● WORK REQUIRED: Among the records below, find the line that has "#289=CARTESIAN_POINT('',(5.,5.,-10.));"; from there, give the lines again exactly, and stop after the line that has "#332=FACE_BOUND('',#331,.T.);".

● SUPPLIED ENTRIES:
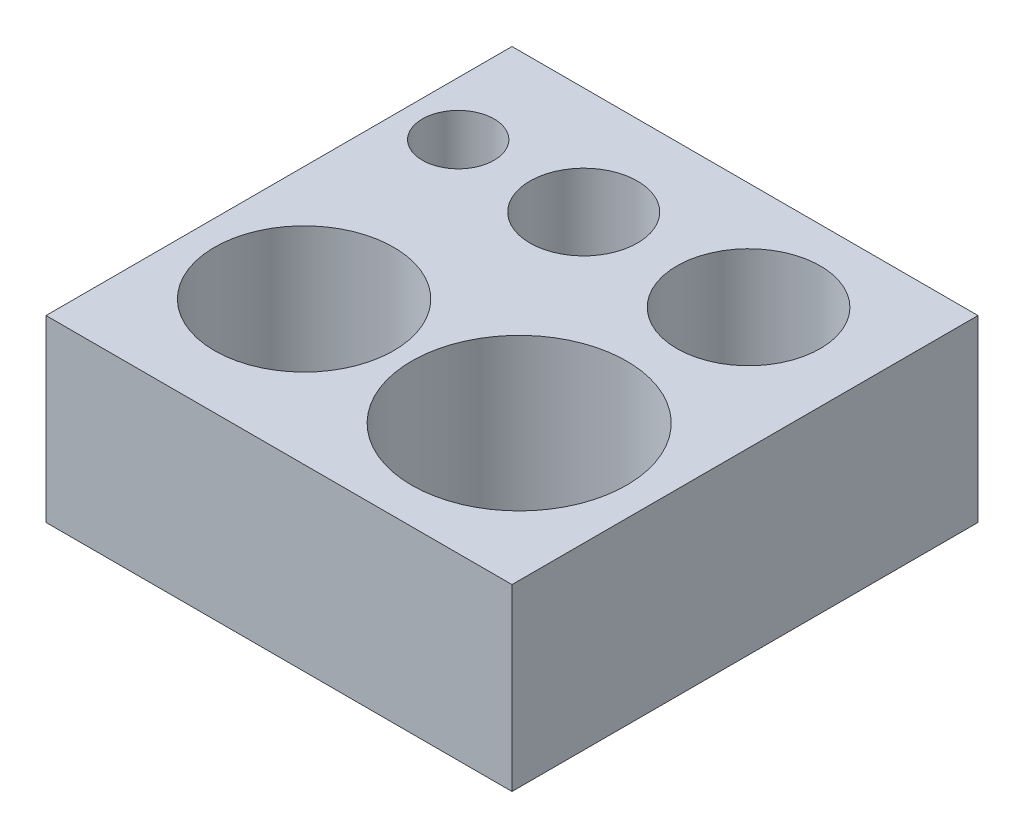
ISO-10303-21;
HEADER;
FILE_DESCRIPTION(('STEP AP214'),'2;1');
FILE_NAME('part.step','',(''),(''),'','','');
FILE_SCHEMA(('AUTOMOTIVE_DESIGN { 1 0 10303 214 1 1 1 1 }'));
ENDSEC;
DATA;
#1=APPLICATION_CONTEXT('core data for automotive mechanical design processes');
#2=APPLICATION_PROTOCOL_DEFINITION('international standard','automotive_design',2000,#1);
#3=PRODUCT_CONTEXT('',#1,'mechanical');
#4=PRODUCT('Part','Part','',(#3));
#5=PRODUCT_RELATED_PRODUCT_CATEGORY('part','',(#4));
#6=PRODUCT_DEFINITION_FORMATION('','',#4);
#7=PRODUCT_DEFINITION_CONTEXT('part definition',#1,'design');
#8=PRODUCT_DEFINITION('design','',#6,#7);
#9=PRODUCT_DEFINITION_SHAPE('','',#8);
#10=(LENGTH_UNIT() NAMED_UNIT(*) SI_UNIT(.MILLI.,.METRE.));
#11=(NAMED_UNIT(*) PLANE_ANGLE_UNIT() SI_UNIT($,.RADIAN.));
#12=(NAMED_UNIT(*) SI_UNIT($,.STERADIAN.) SOLID_ANGLE_UNIT());
#13=UNCERTAINTY_MEASURE_WITH_UNIT(LENGTH_MEASURE(1.E-05),#10,'distance_accuracy_value','');
#14=(GEOMETRIC_REPRESENTATION_CONTEXT(3) GLOBAL_UNCERTAINTY_ASSIGNED_CONTEXT((#13)) GLOBAL_UNIT_ASSIGNED_CONTEXT((#10,
#11,#12)) REPRESENTATION_CONTEXT('',''));
#15=CARTESIAN_POINT('',(0.,0.,0.));
#16=DIRECTION('',(0.,0.,1.));
#17=DIRECTION('',(1.,0.,0.));
#18=AXIS2_PLACEMENT_3D('',#15,#16,#17);
#19=CARTESIAN_POINT('',(0.,5.,0.));
#20=DIRECTION('',(0.,-1.,0.));
#21=DIRECTION('',(0.,0.,-1.));
#22=AXIS2_PLACEMENT_3D('',#19,#20,#21);
#23=PLANE('',#22);
#24=DIRECTION('',(0.,0.,1.));
#25=VECTOR('',#24,1.);
#26=CARTESIAN_POINT('',(0.,5.,0.));
#27=LINE('',#26,#25);
#28=CARTESIAN_POINT('',(0.,5.,-13.));
#29=VERTEX_POINT('',#28);
#30=CARTESIAN_POINT('',(0.,5.,0.));
#31=VERTEX_POINT('',#30);
#32=EDGE_CURVE('E88',#29,#31,#27,.T.);
#33=ORIENTED_EDGE('',*,*,#32,.T.);
#34=DIRECTION('',(1.,0.,0.));
#35=VECTOR('',#34,1.);
#36=CARTESIAN_POINT('',(0.,5.,0.));
#37=LINE('',#36,#35);
#38=CARTESIAN_POINT('',(13.,5.,0.));
#39=VERTEX_POINT('',#38);
#40=EDGE_CURVE('E83',#31,#39,#37,.T.);
#41=ORIENTED_EDGE('',*,*,#40,.T.);
#42=DIRECTION('',(0.,0.,-1.));
#43=VECTOR('',#42,1.);
#44=CARTESIAN_POINT('',(13.,5.,0.));
#45=LINE('',#44,#43);
#46=CARTESIAN_POINT('',(13.,5.,-13.));
#47=VERTEX_POINT('',#46);
#48=EDGE_CURVE('E86',#39,#47,#45,.T.);
#49=ORIENTED_EDGE('',*,*,#48,.T.);
#50=DIRECTION('',(-1.,0.,0.));
#51=VECTOR('',#50,1.);
#52=CARTESIAN_POINT('',(0.,5.,-13.));
#53=LINE('',#52,#51);
#54=EDGE_CURVE('E53',#47,#29,#53,.T.);
#55=ORIENTED_EDGE('',*,*,#54,.T.);
#56=EDGE_LOOP('',(#33,#41,#49,#55));
#57=FACE_BOUND('',#56,.T.);
#58=CARTESIAN_POINT('',(1.5,5.,-10.));
#59=DIRECTION('',(0.,1.,0.));
#60=DIRECTION('',(0.,0.,1.));
#61=AXIS2_PLACEMENT_3D('',#58,#59,#60);
#62=CIRCLE('',#61,1.);
#63=CARTESIAN_POINT('',(1.5,5.,-9.));
#64=VERTEX_POINT('',#63);
#65=EDGE_CURVE('E103',#64,#64,#62,.T.);
#66=ORIENTED_EDGE('',*,*,#65,.F.);
#67=EDGE_LOOP('',(#66));
#68=FACE_BOUND('',#67,.T.);
#69=CARTESIAN_POINT('',(5.,5.,-10.));
#70=DIRECTION('',(0.,1.,0.));
#71=DIRECTION('',(0.,0.,1.));
#72=AXIS2_PLACEMENT_3D('',#69,#70,#71);
#73=CIRCLE('',#72,1.5);
#74=CARTESIAN_POINT('',(5.,5.,-8.5));
#75=VERTEX_POINT('',#74);
#76=EDGE_CURVE('E118',#75,#75,#73,.T.);
#77=ORIENTED_EDGE('',*,*,#76,.F.);
#78=EDGE_LOOP('',(#77));
#79=FACE_BOUND('',#78,.T.);
#80=CARTESIAN_POINT('',(9.6,5.,-10.));
#81=DIRECTION('',(0.,1.,0.));
#82=DIRECTION('',(0.,0.,1.));
#83=AXIS2_PLACEMENT_3D('',#80,#81,#82);
#84=CIRCLE('',#83,2.);
#85=CARTESIAN_POINT('',(9.6,5.,-8.));
#86=VERTEX_POINT('',#85);
#87=EDGE_CURVE('E124',#86,#86,#84,.T.);
#88=ORIENTED_EDGE('',*,*,#87,.F.);
#89=EDGE_LOOP('',(#88));
#90=FACE_BOUND('',#89,.T.);
#91=CARTESIAN_POINT('',(3.2,5.,-4.));
#92=DIRECTION('',(0.,1.,0.));
#93=DIRECTION('',(0.,0.,1.));
#94=AXIS2_PLACEMENT_3D('',#91,#92,#93);
#95=CIRCLE('',#94,2.5);
#96=CARTESIAN_POINT('',(3.2,5.,-1.5));
#97=VERTEX_POINT('',#96);
#98=EDGE_CURVE('E130',#97,#97,#95,.T.);
#99=ORIENTED_EDGE('',*,*,#98,.F.);
#100=EDGE_LOOP('',(#99));
#101=FACE_BOUND('',#100,.T.);
#102=CARTESIAN_POINT('',(9.2,5.,-4.));
#103=DIRECTION('',(0.,1.,0.));
#104=DIRECTION('',(0.,0.,1.));
#105=AXIS2_PLACEMENT_3D('',#102,#103,#104);
#106=CIRCLE('',#105,3.);
#107=CARTESIAN_POINT('',(9.2,5.,-0.999999999999999));
#108=VERTEX_POINT('',#107);
#109=EDGE_CURVE('E136',#108,#108,#106,.T.);
#110=ORIENTED_EDGE('',*,*,#109,.F.);
#111=EDGE_LOOP('',(#110));
#112=FACE_BOUND('',#111,.T.);
#113=ADVANCED_FACE('F36',(#57,#68,#79,#90,#101,#112),#23,.F.);
#114=CARTESIAN_POINT('',(0.,0.,0.));
#115=DIRECTION('',(0.,-1.,0.));
#116=DIRECTION('',(0.,0.,-1.));
#117=AXIS2_PLACEMENT_3D('',#114,#115,#116);
#118=PLANE('',#117);
#119=CARTESIAN_POINT('',(3.2,0.,-4.));
#120=DIRECTION('',(0.,1.,0.));
#121=DIRECTION('',(0.,0.,1.));
#122=AXIS2_PLACEMENT_3D('',#119,#120,#121);
#123=CIRCLE('',#122,2.5);
#124=CARTESIAN_POINT('',(3.2,0.,-1.5));
#125=VERTEX_POINT('',#124);
#126=EDGE_CURVE('E133',#125,#125,#123,.T.);
#127=ORIENTED_EDGE('',*,*,#126,.T.);
#128=EDGE_LOOP('',(#127));
#129=FACE_BOUND('',#128,.T.);
#130=CARTESIAN_POINT('',(5.,0.,-10.));
#131=DIRECTION('',(0.,1.,0.));
#132=DIRECTION('',(0.,0.,1.));
#133=AXIS2_PLACEMENT_3D('',#130,#131,#132);
#134=CIRCLE('',#133,1.5);
#135=CARTESIAN_POINT('',(5.,0.,-8.5));
#136=VERTEX_POINT('',#135);
#137=EDGE_CURVE('E121',#136,#136,#134,.T.);
#138=ORIENTED_EDGE('',*,*,#137,.T.);
#139=EDGE_LOOP('',(#138));
#140=FACE_BOUND('',#139,.T.);
#141=DIRECTION('',(0.,0.,1.));
#142=VECTOR('',#141,1.);
#143=CARTESIAN_POINT('',(0.,0.,0.));
#144=LINE('',#143,#142);
#145=CARTESIAN_POINT('',(0.,0.,-13.));
#146=VERTEX_POINT('',#145);
#147=CARTESIAN_POINT('',(0.,0.,0.));
#148=VERTEX_POINT('',#147);
#149=EDGE_CURVE('E100',#146,#148,#144,.T.);
#150=ORIENTED_EDGE('',*,*,#149,.F.);
#151=DIRECTION('',(-1.,0.,0.));
#152=VECTOR('',#151,1.);
#153=CARTESIAN_POINT('',(0.,0.,-13.));
#154=LINE('',#153,#152);
#155=CARTESIAN_POINT('',(13.,0.,-13.));
#156=VERTEX_POINT('',#155);
#157=EDGE_CURVE('E76',#156,#146,#154,.T.);
#158=ORIENTED_EDGE('',*,*,#157,.F.);
#159=DIRECTION('',(0.,0.,-1.));
#160=VECTOR('',#159,1.);
#161=CARTESIAN_POINT('',(13.,0.,0.));
#162=LINE('',#161,#160);
#163=CARTESIAN_POINT('',(13.,0.,0.));
#164=VERTEX_POINT('',#163);
#165=EDGE_CURVE('E70',#164,#156,#162,.T.);
#166=ORIENTED_EDGE('',*,*,#165,.F.);
#167=DIRECTION('',(1.,0.,0.));
#168=VECTOR('',#167,1.);
#169=CARTESIAN_POINT('',(0.,0.,0.));
#170=LINE('',#169,#168);
#171=EDGE_CURVE('E92',#148,#164,#170,.T.);
#172=ORIENTED_EDGE('',*,*,#171,.F.);
#173=EDGE_LOOP('',(#150,#158,#166,#172));
#174=FACE_BOUND('',#173,.T.);
#175=CARTESIAN_POINT('',(1.5,0.,-10.));
#176=DIRECTION('',(0.,1.,0.));
#177=DIRECTION('',(0.,0.,1.));
#178=AXIS2_PLACEMENT_3D('',#175,#176,#177);
#179=CIRCLE('',#178,1.);
#180=CARTESIAN_POINT('',(1.5,0.,-9.));
#181=VERTEX_POINT('',#180);
#182=EDGE_CURVE('E115',#181,#181,#179,.T.);
#183=ORIENTED_EDGE('',*,*,#182,.T.);
#184=EDGE_LOOP('',(#183));
#185=FACE_BOUND('',#184,.T.);
#186=CARTESIAN_POINT('',(9.6,0.,-10.));
#187=DIRECTION('',(0.,1.,0.));
#188=DIRECTION('',(0.,0.,1.));
#189=AXIS2_PLACEMENT_3D('',#186,#187,#188);
#190=CIRCLE('',#189,2.);
#191=CARTESIAN_POINT('',(9.6,0.,-8.));
#192=VERTEX_POINT('',#191);
#193=EDGE_CURVE('E127',#192,#192,#190,.T.);
#194=ORIENTED_EDGE('',*,*,#193,.T.);
#195=EDGE_LOOP('',(#194));
#196=FACE_BOUND('',#195,.T.);
#197=CARTESIAN_POINT('',(9.2,0.,-4.));
#198=DIRECTION('',(0.,1.,0.));
#199=DIRECTION('',(0.,0.,1.));
#200=AXIS2_PLACEMENT_3D('',#197,#198,#199);
#201=CIRCLE('',#200,3.);
#202=CARTESIAN_POINT('',(9.2,0.,-0.999999999999999));
#203=VERTEX_POINT('',#202);
#204=EDGE_CURVE('E139',#203,#203,#201,.T.);
#205=ORIENTED_EDGE('',*,*,#204,.T.);
#206=EDGE_LOOP('',(#205));
#207=FACE_BOUND('',#206,.T.);
#208=ADVANCED_FACE('F111',(#129,#140,#174,#185,#196,#207),#118,.T.);
#209=CARTESIAN_POINT('',(0.,5.,0.));
#210=DIRECTION('',(1.,0.,0.));
#211=DIRECTION('',(0.,0.,-1.));
#212=AXIS2_PLACEMENT_3D('',#209,#210,#211);
#213=PLANE('',#212);
#214=ORIENTED_EDGE('',*,*,#149,.T.);
#215=DIRECTION('',(0.,-1.,0.));
#216=VECTOR('',#215,1.);
#217=CARTESIAN_POINT('',(0.,5.,0.));
#218=LINE('',#217,#216);
#219=EDGE_CURVE('E11',#31,#148,#218,.T.);
#220=ORIENTED_EDGE('',*,*,#219,.F.);
#221=ORIENTED_EDGE('',*,*,#32,.F.);
#222=DIRECTION('',(0.,-1.,0.));
#223=VECTOR('',#222,1.);
#224=CARTESIAN_POINT('',(0.,5.,-13.));
#225=LINE('',#224,#223);
#226=EDGE_CURVE('E96',#29,#146,#225,.T.);
#227=ORIENTED_EDGE('',*,*,#226,.T.);
#228=EDGE_LOOP('',(#214,#220,#221,#227));
#229=FACE_BOUND('',#228,.T.);
#230=ADVANCED_FACE('F38',(#229),#213,.F.);
#231=CARTESIAN_POINT('',(0.,5.,0.));
#232=DIRECTION('',(0.,0.,-1.));
#233=DIRECTION('',(-1.,0.,0.));
#234=AXIS2_PLACEMENT_3D('',#231,#232,#233);
#235=PLANE('',#234);
#236=ORIENTED_EDGE('',*,*,#171,.T.);
#237=DIRECTION('',(0.,-1.,0.));
#238=VECTOR('',#237,1.);
#239=CARTESIAN_POINT('',(13.,5.,0.));
#240=LINE('',#239,#238);
#241=EDGE_CURVE('E45',#39,#164,#240,.T.);
#242=ORIENTED_EDGE('',*,*,#241,.F.);
#243=ORIENTED_EDGE('',*,*,#40,.F.);
#244=ORIENTED_EDGE('',*,*,#219,.T.);
#245=EDGE_LOOP('',(#236,#242,#243,#244));
#246=FACE_BOUND('',#245,.T.);
#247=ADVANCED_FACE('F91',(#246),#235,.F.);
#248=CARTESIAN_POINT('',(13.,5.,0.));
#249=DIRECTION('',(-1.,0.,0.));
#250=DIRECTION('',(0.,0.,1.));
#251=AXIS2_PLACEMENT_3D('',#248,#249,#250);
#252=PLANE('',#251);
#253=ORIENTED_EDGE('',*,*,#165,.T.);
#254=DIRECTION('',(0.,-1.,0.));
#255=VECTOR('',#254,1.);
#256=CARTESIAN_POINT('',(13.,5.,-13.));
#257=LINE('',#256,#255);
#258=EDGE_CURVE('E93',#47,#156,#257,.T.);
#259=ORIENTED_EDGE('',*,*,#258,.F.);
#260=ORIENTED_EDGE('',*,*,#48,.F.);
#261=ORIENTED_EDGE('',*,*,#241,.T.);
#262=EDGE_LOOP('',(#253,#259,#260,#261));
#263=FACE_BOUND('',#262,.T.);
#264=ADVANCED_FACE('F94',(#263),#252,.F.);
#265=CARTESIAN_POINT('',(0.,5.,-13.));
#266=DIRECTION('',(0.,0.,1.));
#267=DIRECTION('',(1.,0.,0.));
#268=AXIS2_PLACEMENT_3D('',#265,#266,#267);
#269=PLANE('',#268);
#270=ORIENTED_EDGE('',*,*,#157,.T.);
#271=ORIENTED_EDGE('',*,*,#226,.F.);
#272=ORIENTED_EDGE('',*,*,#54,.F.);
#273=ORIENTED_EDGE('',*,*,#258,.T.);
#274=EDGE_LOOP('',(#270,#271,#272,#273));
#275=FACE_BOUND('',#274,.T.);
#276=ADVANCED_FACE('F108',(#275),#269,.F.);
#277=CARTESIAN_POINT('',(1.5,5.,-10.));
#278=DIRECTION('',(0.,-1.,0.));
#279=DIRECTION('',(0.,0.,-1.));
#280=AXIS2_PLACEMENT_3D('',#277,#278,#279);
#281=CYLINDRICAL_SURFACE('',#280,1.);
#282=ORIENTED_EDGE('',*,*,#65,.T.);
#283=EDGE_LOOP('',(#282));
#284=FACE_BOUND('',#283,.T.);
#285=ORIENTED_EDGE('',*,*,#182,.F.);
#286=EDGE_LOOP('',(#285));
#287=FACE_BOUND('',#286,.T.);
#288=ADVANCED_FACE('F156',(#284,#287),#281,.F.);
#289=CARTESIAN_POINT('',(5.,5.,-10.));
#290=DIRECTION('',(0.,-1.,0.));
#291=DIRECTION('',(0.,0.,-1.));
#292=AXIS2_PLACEMENT_3D('',#289,#290,#291);
#293=CYLINDRICAL_SURFACE('',#292,1.5);
#294=ORIENTED_EDGE('',*,*,#76,.T.);
#295=EDGE_LOOP('',(#294));
#296=FACE_BOUND('',#295,.T.);
#297=ORIENTED_EDGE('',*,*,#137,.F.);
#298=EDGE_LOOP('',(#297));
#299=FACE_BOUND('',#298,.T.);
#300=ADVANCED_FACE('F202',(#296,#299),#293,.F.);
#301=CARTESIAN_POINT('',(9.6,5.,-10.));
#302=DIRECTION('',(0.,-1.,0.));
#303=DIRECTION('',(0.,0.,-1.));
#304=AXIS2_PLACEMENT_3D('',#301,#302,#303);
#305=CYLINDRICAL_SURFACE('',#304,2.);
#306=ORIENTED_EDGE('',*,*,#87,.T.);
#307=EDGE_LOOP('',(#306));
#308=FACE_BOUND('',#307,.T.);
#309=ORIENTED_EDGE('',*,*,#193,.F.);
#310=EDGE_LOOP('',(#309));
#311=FACE_BOUND('',#310,.T.);
#312=ADVANCED_FACE('F210',(#308,#311),#305,.F.);
#313=CARTESIAN_POINT('',(3.2,5.,-4.));
#314=DIRECTION('',(0.,-1.,0.));
#315=DIRECTION('',(0.,0.,-1.));
#316=AXIS2_PLACEMENT_3D('',#313,#314,#315);
#317=CYLINDRICAL_SURFACE('',#316,2.5);
#318=ORIENTED_EDGE('',*,*,#98,.T.);
#319=EDGE_LOOP('',(#318));
#320=FACE_BOUND('',#319,.T.);
#321=ORIENTED_EDGE('',*,*,#126,.F.);
#322=EDGE_LOOP('',(#321));
#323=FACE_BOUND('',#322,.T.);
#324=ADVANCED_FACE('F218',(#320,#323),#317,.F.);
#325=CARTESIAN_POINT('',(9.2,5.,-4.));
#326=DIRECTION('',(0.,-1.,0.));
#327=DIRECTION('',(0.,0.,-1.));
#328=AXIS2_PLACEMENT_3D('',#325,#326,#327);
#329=CYLINDRICAL_SURFACE('',#328,3.);
#330=ORIENTED_EDGE('',*,*,#109,.T.);
#331=EDGE_LOOP('',(#330));
#332=FACE_BOUND('',#331,.T.);
#333=ORIENTED_EDGE('',*,*,#204,.F.);
#334=EDGE_LOOP('',(#333));
#335=FACE_BOUND('',#334,.T.);
#336=ADVANCED_FACE('F145',(#332,#335),#329,.F.);
#337=CLOSED_SHELL('',(#113,#208,#230,#247,#264,#276,#288,#300,#312,#324,#336));
#338=MANIFOLD_SOLID_BREP('B2',#337);
#339=ADVANCED_BREP_SHAPE_REPRESENTATION('',(#18,#338),#14);
#340=SHAPE_DEFINITION_REPRESENTATION(#9,#339);
ENDSEC;
END-ISO-10303-21;

● YOUR RESPONSE:
#289=CARTESIAN_POINT('',(5.,5.,-10.));
#290=DIRECTION('',(0.,-1.,0.));
#291=DIRECTION('',(0.,0.,-1.));
#292=AXIS2_PLACEMENT_3D('',#289,#290,#291);
#293=CYLINDRICAL_SURFACE('',#292,1.5);
#294=ORIENTED_EDGE('',*,*,#76,.T.);
#295=EDGE_LOOP('',(#294));
#296=FACE_BOUND('',#295,.T.);
#297=ORIENTED_EDGE('',*,*,#137,.F.);
#298=EDGE_LOOP('',(#297));
#299=FACE_BOUND('',#298,.T.);
#300=ADVANCED_FACE('F202',(#296,#299),#293,.F.);
#301=CARTESIAN_POINT('',(9.6,5.,-10.));
#302=DIRECTION('',(0.,-1.,0.));
#303=DIRECTION('',(0.,0.,-1.));
#304=AXIS2_PLACEMENT_3D('',#301,#302,#303);
#305=CYLINDRICAL_SURFACE('',#304,2.);
#306=ORIENTED_EDGE('',*,*,#87,.T.);
#307=EDGE_LOOP('',(#306));
#308=FACE_BOUND('',#307,.T.);
#309=ORIENTED_EDGE('',*,*,#193,.F.);
#310=EDGE_LOOP('',(#309));
#311=FACE_BOUND('',#310,.T.);
#312=ADVANCED_FACE('F210',(#308,#311),#305,.F.);
#313=CARTESIAN_POINT('',(3.2,5.,-4.));
#314=DIRECTION('',(0.,-1.,0.));
#315=DIRECTION('',(0.,0.,-1.));
#316=AXIS2_PLACEMENT_3D('',#313,#314,#315);
#317=CYLINDRICAL_SURFACE('',#316,2.5);
#318=ORIENTED_EDGE('',*,*,#98,.T.);
#319=EDGE_LOOP('',(#318));
#320=FACE_BOUND('',#319,.T.);
#321=ORIENTED_EDGE('',*,*,#126,.F.);
#322=EDGE_LOOP('',(#321));
#323=FACE_BOUND('',#322,.T.);
#324=ADVANCED_FACE('F218',(#320,#323),#317,.F.);
#325=CARTESIAN_POINT('',(9.2,5.,-4.));
#326=DIRECTION('',(0.,-1.,0.));
#327=DIRECTION('',(0.,0.,-1.));
#328=AXIS2_PLACEMENT_3D('',#325,#326,#327);
#329=CYLINDRICAL_SURFACE('',#328,3.);
#330=ORIENTED_EDGE('',*,*,#109,.T.);
#331=EDGE_LOOP('',(#330));
#332=FACE_BOUND('',#331,.T.);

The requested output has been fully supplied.